# As an officer do you need to learn french?



## Wason (19 Sep 2007)

Right now I'm an officer cadet in the reserves, but I plan on going reg force one day. Will I have to know french?


----------



## Greymatters (19 Sep 2007)

If you wish to get higher than Major in your career its pretty much a neccesity...


----------



## medaid (19 Sep 2007)

What GM said. In the PRes French is nit required or necessary for promotion to Senior Officer ranks. However, French is required for the RegF for career advancement. NOW, many of us have heard of those who skipped SLT, however, it will have to be done at a later time anyways. Get it over with when you're young. Rnjoy being paid to learn a language! I know I would if I had a chance.


----------



## Wason (19 Sep 2007)

Right now I'm taking it in university and I'm sucking pretty badly at it. The only french course offered here is an intermediate level and I need to start at beginner since the French I learned in high school is useless.
I want to drop it.

Will the army pay for me to learn it later on in my life?


----------



## ggranatstein (19 Sep 2007)

I second all that was said. But I would add one thing.

As an Anglo officer working and living in Quebec, it's not just about promotion... I firmly believe that it's the duty of an officer to be able to communicate with his soldiers in their official language. 
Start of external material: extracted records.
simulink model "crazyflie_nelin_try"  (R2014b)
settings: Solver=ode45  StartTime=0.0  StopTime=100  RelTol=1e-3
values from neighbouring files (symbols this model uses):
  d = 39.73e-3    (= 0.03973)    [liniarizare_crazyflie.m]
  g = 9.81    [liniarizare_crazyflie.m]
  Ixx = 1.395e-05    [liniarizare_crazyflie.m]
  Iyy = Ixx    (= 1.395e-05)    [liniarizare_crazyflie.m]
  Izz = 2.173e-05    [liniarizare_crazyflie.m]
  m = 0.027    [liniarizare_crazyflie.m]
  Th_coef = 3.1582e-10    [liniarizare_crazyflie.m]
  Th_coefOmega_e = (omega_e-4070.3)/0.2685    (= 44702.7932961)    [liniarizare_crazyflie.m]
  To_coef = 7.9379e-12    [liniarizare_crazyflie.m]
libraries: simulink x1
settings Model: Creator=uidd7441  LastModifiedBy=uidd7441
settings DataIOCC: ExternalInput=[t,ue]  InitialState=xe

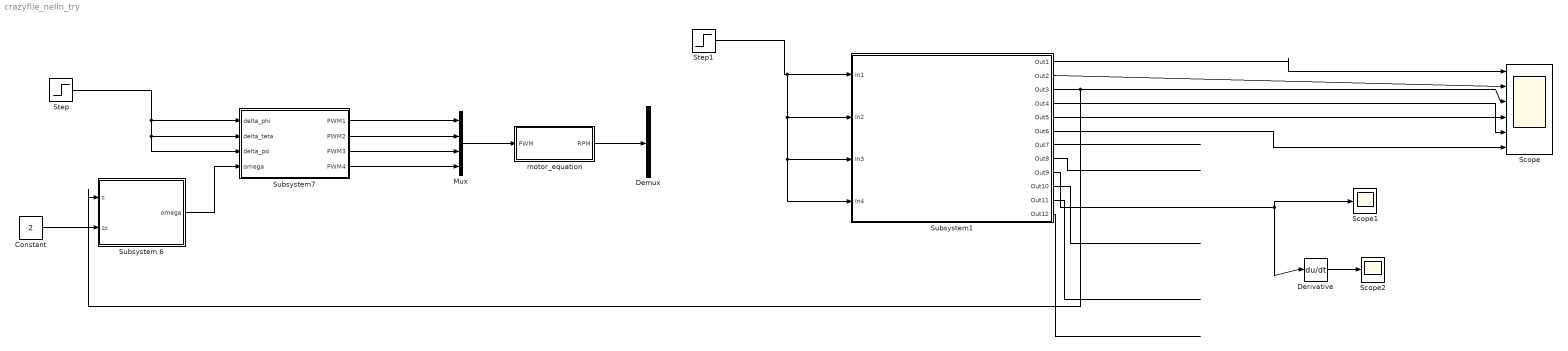
== system crazyflie_nelin_try ==
  Constant : Constant  Value=2
  Demux : Demux
  Derivative : Derivative
  Mux : Mux
  Scope : Scope  NumInputPorts=6
      settings: YMin=-300~200~-400~-4e+06~-0.5~-13  YMax=-100~600~0~0~0.5~-12
  Scope1 : Scope
      settings: SaveName=ScopeData4
  Scope2 : Scope
      settings: YMin=-1000  YMax=1000  SaveName=ScopeData5
  Step : Step  Time=0  SampleTime=0
  Step1 : Step  Time=0  After=32378  SampleTime=0
  Subsystem 6 : Subsystem
  Subsystem1 : Subsystem
  Subsystem7 : Subsystem
  motor_equation : Subsystem
  wires:
  Subsystem1/1(Out1) -> Scope/1
  Subsystem1/2(Out2) -> Scope/2
  Subsystem1/3(Out3) -> Subsystem 6/1(z), Scope/3
  Subsystem1/4(Out4) -> Scope/4
  Subsystem1/5(Out5) -> Scope/5
  Subsystem1/6(Out6) -> Scope/6
  Subsystem1/7(Out7) -> ?
  Subsystem1/8(Out8) -> ?
  Subsystem1/9(Out9) -> Derivative/1, Scope1/1
  Subsystem1/10(Out10) -> ?
  Subsystem1/11(Out11) -> ?
  Subsystem1/12(Out12) -> ?
  Derivative/1 -> Scope2/1
  motor_equation/1("RPM ") -> Demux/1
  Mux/1 -> motor_equation/1(PWM)
  Subsystem 6/1(omega) -> Subsystem7/4(omega)
  Step/1 -> Subsystem7/3(delta_psi), Subsystem7/2(delta_teta), Subsystem7/1(delta_phi)
  Subsystem7/4(PWM4) -> Mux/4
  Subsystem7/3(PWM3) -> Mux/3
  Subsystem7/2(PWM2) -> Mux/2
  Subsystem7/1(PWM1) -> Mux/1
  Constant/1 -> Subsystem 6/2(zc)
  Step1/1 -> Subsystem1/4(In4), Subsystem1/3(In3), Subsystem1/2(In2), Subsystem1/1(In1)

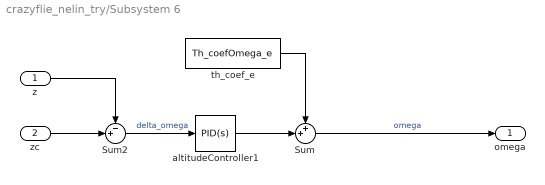
== system crazyflie_nelin_try/Subsystem 6 ==
  z : Inport
  zc : Inport  Port=2
  Sum : Sum  Inputs=++|
  Sum2 : Sum  Inputs=-+|
  altitudeController1 : simulink/Continuous/PID Controller  Controller=PID  TimeDomain=Continuous-time  SampleTime=-1  IntegratorMethod=Forward Euler  FilterMethod=Forward Euler  Form=Parallel  P=10509.4403571035  I=300.011410305238  D=33423.1282270636  N=7.7078325244016  InitialConditionSource=internal  InitialConditionForIntegrator=0  InitialConditionForFilter=0  ExternalReset=none  LimitOutput=off  UpperSaturationLimit=inf  LowerSaturationLimit=-inf  LinearizeAsGain=on  AntiWindupMode=none  Kb=1  TrackingMode=off  Kt=1  PParamMin=[]  PParamMax=[]  IParamMin=[]  IParamMax=[]  DParamMin=[]  DParamMax=[]  NParamMin=[]  NParamMax=[]  KbParamMin=[]  KbParamMax=[]  KtParamMin=[]  KtParamMax=[]  POutMin=[]  POutMax=[]  IOutMin=[]  IOutMax=[]  DOutMin=[]  DOutMax=[]  NOutMin=[]  NOutMax=[]  KbOutMin=[]  KbOutMax=[]  KtOutMin=[]  KtOutMax=[]  IntegratorOutMin=[]  IntegratorOutMax=[]  FilterOutMin=[]  FilterOutMax=[]  SumOutMin=[]  SumOutMax=[]  SumI1OutMin=[]  SumI1OutMax=[]  SumI2OutMin=[]  SumI2OutMax=[]  SumI3OutMin=[]  SumI3OutMax=[]  SumDOutMin=[]  SumDOutMax=[]  SaturationOutMin=[]  SaturationOutMax=[]  IntegratorContinuousStateAttributes=''  IntegratorStateMustResolveToSignalObject=off  IntegratorRTWStateStorageClass=Auto  FilterContinuousStateAttributes=''  FilterStateMustResolveToSignalObject=off  FilterRTWStateStorageClass=Auto  DifferentiatorICPrevScaledInput=0  DifferentiatorOutMin=[]  DifferentiatorOutMax=[]  UseFilter=on
  "th_coef_e " : Constant  Value=Th_coefOmega_e
  omega : Outport
  wires:
  "th_coef_e "/1 -> Sum/1
  Sum/1 -> omega/1  "omega"
  zc/1 -> Sum2/2
  z/1 -> Sum2/1
  Sum2/1 -> altitudeController1/1  "delta_omega"
  altitudeController1/1 -> Sum/2

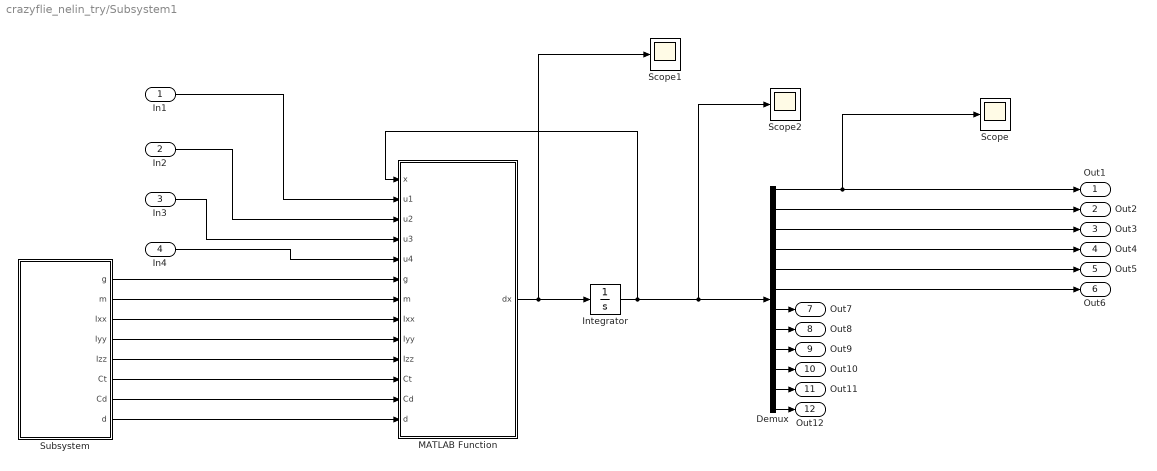
== system crazyflie_nelin_try/Subsystem1 ==
  In1 : Inport
  In2 : Inport  Port=2
  In3 : Inport  Port=3
  In4 : Inport  Port=4
  Demux : Demux  Outputs=12
  Integrator : Integrator  InitialCondition=[1 1 1 pi/3 0 0 0 0 0 0 0 0]
  MATLAB Function : MATLAB Function  TreatAsAtomicUnit=on
  Scope : Scope
  Scope1 : Scope
      settings: YMin=-4e+09  YMax=4e+09  SaveName=ScopeData2
  Scope2 : Scope
      settings: SaveName=ScopeData3
  Subsystem : Subsystem
  Out1 : Outport
  Out2 : Outport  Port=2
  Out3 : Outport  Port=3
  Out4 : Outport  Port=4
  Out5 : Outport  Port=5
  Out6 : Outport  Port=6
  Out7 : Outport  Port=7
  Out8 : Outport  Port=8
  Out9 : Outport  Port=9
  Out10 : Outport  Port=10
  Out11 : Outport  Port=11
  Out12 : Outport  Port=12
  wires:
  Demux/5 -> Out5/1
  MATLAB Function/1(dx) -> Scope1/1, Integrator/1
  Integrator/1 -> Scope2/1, Demux/1, MATLAB Function/1(x)
  Demux/2 -> Out2/1
  Demux/4 -> Out4/1
  Demux/6 -> Out6/1
  Demux/3 -> Out3/1
  Demux/1 -> Scope/1, Out1/1
  Subsystem/4(Iyy) -> MATLAB Function/9(Iyy)
  Subsystem/7(Cd) -> MATLAB Function/12(Cd)
  Subsystem/5(Izz) -> MATLAB Function/10(Izz)
  Subsystem/6(Ct) -> MATLAB Function/11(Ct)
  Subsystem/8(d) -> MATLAB Function/13(d)
  Subsystem/1(g) -> MATLAB Function/6(g)
  Subsystem/2(m) -> MATLAB Function/7(m)
  Subsystem/3(Ixx) -> MATLAB Function/8(Ixx)
  Demux/9 -> Out9/1
  Demux/11 -> Out11/1
  Demux/10 -> Out10/1
  Demux/7 -> Out7/1
  Demux/8 -> Out8/1
  Demux/12 -> Out12/1
  In1/1 -> MATLAB Function/2(u1)
  In3/1 -> MATLAB Function/4(u3)
  In2/1 -> MATLAB Function/3(u2)
  In4/1 -> MATLAB Function/5(u4)

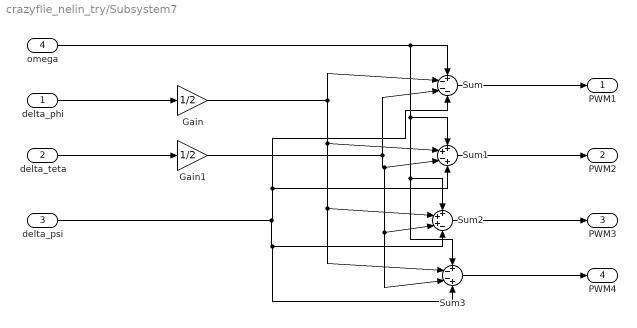
== system crazyflie_nelin_try/Subsystem7 ==
  delta_phi : Inport
  delta_teta : Inport  Port=2
  delta_psi : Inport  Port=3
  omega : Inport  Port=4
  Gain : Gain  Gain=1/2
  Gain1 : Gain  Gain=1/2
  Sum : Sum  Inputs=+---
  Sum1 : Sum  Inputs=++-+
  Sum2 : Sum  Inputs=+++-
  Sum3 : Sum  Inputs=+--+
  PWM1 : Outport
  PWM2 : Outport  Port=2
  PWM3 : Outport  Port=3
  PWM4 : Outport  Port=4
  wires:
  delta_phi/1 -> Gain/1
  delta_teta/1 -> Gain1/1
  Gain/1 -> Sum3/2, Sum2/2, Sum1/2, Sum/2
  Gain1/1 -> Sum3/3, Sum2/3, Sum1/3, Sum/3
  delta_psi/1 -> Sum3/4, Sum2/4, Sum1/4, Sum/4
  omega/1 -> Sum/1, Sum2/1, Sum3/1, Sum1/1
  Sum/1 -> PWM1/1
  Sum1/1 -> PWM2/1
  Sum2/1 -> PWM3/1
  Sum3/1 -> PWM4/1

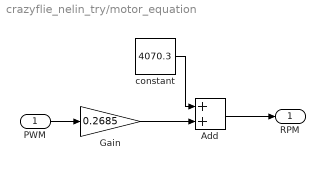
== system crazyflie_nelin_try/motor_equation ==
  PWM : Inport
  Add : Sum
  Gain : Gain  Gain=0.2685
  constant : Constant  Value=4070.3
  "RPM " : Outport
  wires:
  constant/1 -> Add/1
  Gain/1 -> Add/2
  PWM/1 -> Gain/1
  Add/1 -> "RPM "/1

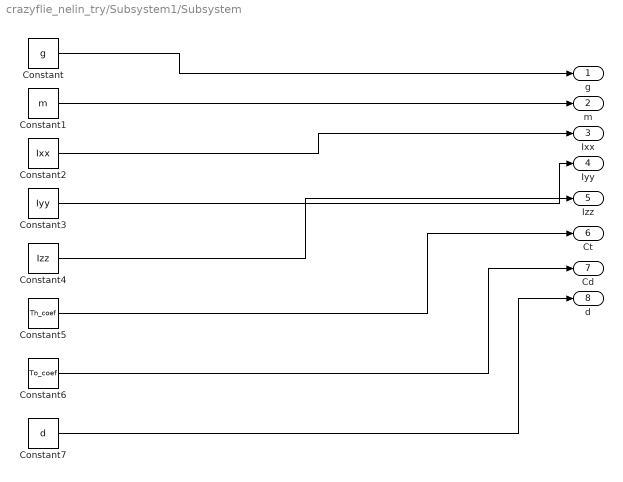
== system crazyflie_nelin_try/Subsystem1/Subsystem ==
  Constant : Constant  Value=g
  Constant1 : Constant  Value=m
  Constant2 : Constant  Value=Ixx
  Constant3 : Constant  Value=Iyy
  Constant4 : Constant  Value=Izz
  Constant5 : Constant  Value=Th_coef
  Constant6 : Constant  Value=To_coef
  Constant7 : Constant  Value=d
  g : Outport
  m : Outport  Port=2
  Ixx : Outport  Port=3
  Iyy : Outport  Port=4
  Izz : Outport  Port=5
  Ct : Outport  Port=6
  Cd : Outport  Port=7
  d : Outport  Port=8
  wires:
  Constant/1 -> g/1
  Constant5/1 -> Ct/1
  Constant4/1 -> Izz/1
  Constant7/1 -> d/1
  Constant2/1 -> Ixx/1
  Constant3/1 -> Iyy/1
  Constant1/1 -> m/1
  Constant6/1 -> Cd/1

== matlab function crazyflie_nelin_try/Subsystem1/MATLAB Function ==
  data: x input; dx output; u1 input; u2 input; u3 input; u4 input; g input; m input; Ixx input; Iyy input; Izz input; Ct input; Cd input; d input
function dx = odefun_crazyflie(x,u1,u2,u3,u4,g,m,Ixx,Iyy,Izz,Ct,Cd,d)
    
    %dx = [x y z yaw pitch roll x_rate y_rate z_rate yaw_rate pitch_rate
                %roll_rate]
    dx = zeros(size(x));
    
    Rot_InertialToBody = [cos(x(5))*cos(x(4)) cos(x(5))*sin(x(4)) -sin(x(5)); ...
    sin(x(6))*sin(x(5))*cos(x(4)) - cos(x(6))*sin(x(4)) sin(x(6))*sin(x(5))*sin(x(4)) + cos(x(6))*cos(x(4)) sin(x(6))*cos(x(5)); ...
    cos(x(6))*sin(x(5))*cos(x(4)) + sin(x(6))*sin(x(4)) cos(x(6))*sin(x(5))*sin(x(4)) - sin(x(6))*cos(x(4))  cos(x(6))*cos(x(4))];
    
    dx(1) = Rot_InertialToBody(1:3,1)'*[x(7); x(8); x(9)];
    dx(2) = Rot_InertialToBody(1:3,2)'*[x(7); x(8); x(9)];
    dx(3) = Rot_InertialToBody(1:3,3)'*[x(7); x(8); x(9)];
    
    Rot_angles = [1 sin(x(6))*tan(x(5)) cos(x(6))*tan(x(5)); ...
        0 cos(x(6)) -sin(x(6)); ...
        0 sin(x(6))/cos(x(5)) cos(x(6))/cos(x(5))];
    
    dx(6) = Rot_angles(1,1:3)*[x(12); x(11); x(10)];
    dx(5) = Rot_angles(2,1:3)*[x(12); x(11); x(10)];
    dx(4) = Rot_angles(3,1:3)*[x(12); x(11); x(10)];
    
    % Ct = thrust coeff and Cd = aerodinamical drag
    Fz = Ct*(u1^2 + u2^2 + u3^2 + u4^2);
    
    cross_prod_rate = cross([x(12); x(11); x(10)], [x(7); x(8); x(10)]);
    second_termen = Rot_InertialToBody*[0;0;g];
    
    dx(7) = - second_termen(1) - cross_prod_rate(1); 
    dx(8) = - second_termen(2) - cross_prod_rate(2); 
    dx(9) = Fz/m - second_termen(3) - cross_prod_rate(3); 
    
    Inertia_matrix = diag([Ixx Iyy Izz]);
    Mx = d*Ct/sqrt(2)*(-u1^2 - u2^2 + u3^2 + u4^2);
    My = d*Ct/sqrt(2)*(-u1^2 + u2^2 + u3^2 - u4^2);
    Mz = Cd*(-u1^2 + u2^2 - u3^2 + u4^2);
    
    Last_states = inv(Inertia_matrix)*([Mx; My; Mz] - cross([x(12); x(11); x(10)], Inertia_matrix*[x(12); x(11); x(10)]));
    dx(10) = Last_states(3);
    dx(11) = Last_states(2);
    dx(12) = Last_states(1);
    
end

Of course, living in Quebec, we have the advantage of being exposed to both languages from birth, but anyone should make the effort as you will encounter Franco troops all over the country.

It's not just about language, tests, and promotion, it's about leadership too!


----------



## medaid (19 Sep 2007)

Okay. I think this should be the last freebie for anyone seeking info on SLT.

The answer to your question is YES, and only if you're RegF or a PRes with an actual need of it.


----------



## aesop081 (19 Sep 2007)

Ahhh yes, SLT

Lots about it to read here if you search first

locked

Milnet.ca staff


----------